With deeptools bamCoverage

CLUSTER=5
samtools index data/Homework_1/scATAC/"${CLUSTER}".bam
bamCoverage \
    --bam data/Homework_1/scATAC/"${CLUSTER}".bam \
    --outFileName data/Homework_1/scATAC/bw/"${CLUSTER}"_deeptools.bw \
    --binSize 1 \
    --numberOfProcessors 16 \
    --extendReads \
    --ignoreDuplicates

With tracklayer in R

library(GenomicAlignments)
for (sample in 1:5) {
    bam <- glue::glue('data/Homework_1/scATAC/{sample}.bam')
    track <- glue::glue('data/Homework_1/scATAC/bw/{sample}_R.bw')
    ncells <- sum(read.table('data/Homework_1/scATAC/clusters.tsv')$V2 == sample)
    ga <- readGAlignments(bam)
    gr <- as(ga, 'GRanges')
    gr.cov <- IRanges::coverage(gr)
    rtracklayer::export.bw(gr.cov, track)
}

Should the sequencing depth be taken into account here? How can we normalize the coverage signal in this context? Using the R method, try to normalize by the number of cells in each cluster.

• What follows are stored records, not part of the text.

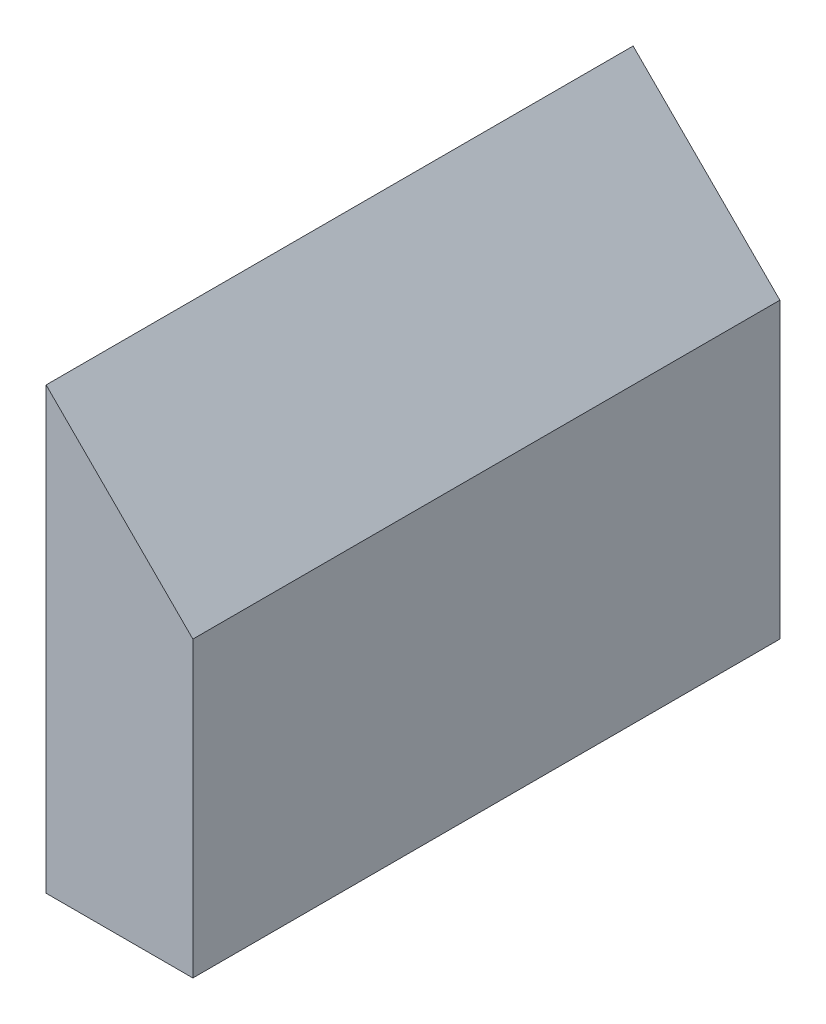
SolidWorks part; units mm, degrees
ref_plane "Front Plane" through (0, 0, 0) normal (0, 0, 1) x (1, 0, 0)
ref_plane "Top Plane" through (0, 0, 0) normal (0, 1, 0) x (1, 0, 0)
ref_plane "Right Plane" through (0, 0, 0) normal (1, 0, 0) x (0, 0, -1)
sketch "Sketch3" plane through (0, 0, 0) normal (0, 0, 1) x (1, 0, 0)
  line L0 (0, 0) -> (0, 30)
  line L1 (0, 30) -> (10, 20)
  line L2 (10, 20) -> (10, 0)
  line L3 (10, 0) -> (0, 0)
  dimension "D1" = 30
  dimension "D2" = 20
  dimension "D3" = 10
extrude "Boss-Extrude1" add sketch "Sketch3" along normal blind 40 contours L1 L2 L3 L0

library(GenomicAlignments)
for (sample in 1:5) {
    bam <- glue::glue('data/Homework_1/scATAC/{sample}.bam')
    track <- glue::glue('data/Homework_1/scATAC/bw/{sample}_R_cellnb-normalized.bw')
    ncells <- sum(read.table('data/Homework_1/scATAC/clusters.tsv')$V2 == sample)
    ga <- readGAlignments(bam)
    gr <- as(ga, 'GRanges')
    gr.cov <- IRanges::coverage(gr) / (ncells*2) * 100
    rtracklayer::export.bw(gr.cov, track)
}

4. Compare bulk and pseudo-bulk tracks

Load tracks from bulk ATAC-seq (B cells, CD4+ T cells and CD8+ T cells) in IGV, along with the 5 pseudo-bulk tracks from scATACseq. Look at relevant loci (CD4, CD8A, CD8B, …). Which cluster could correspond to B cells? To T cells?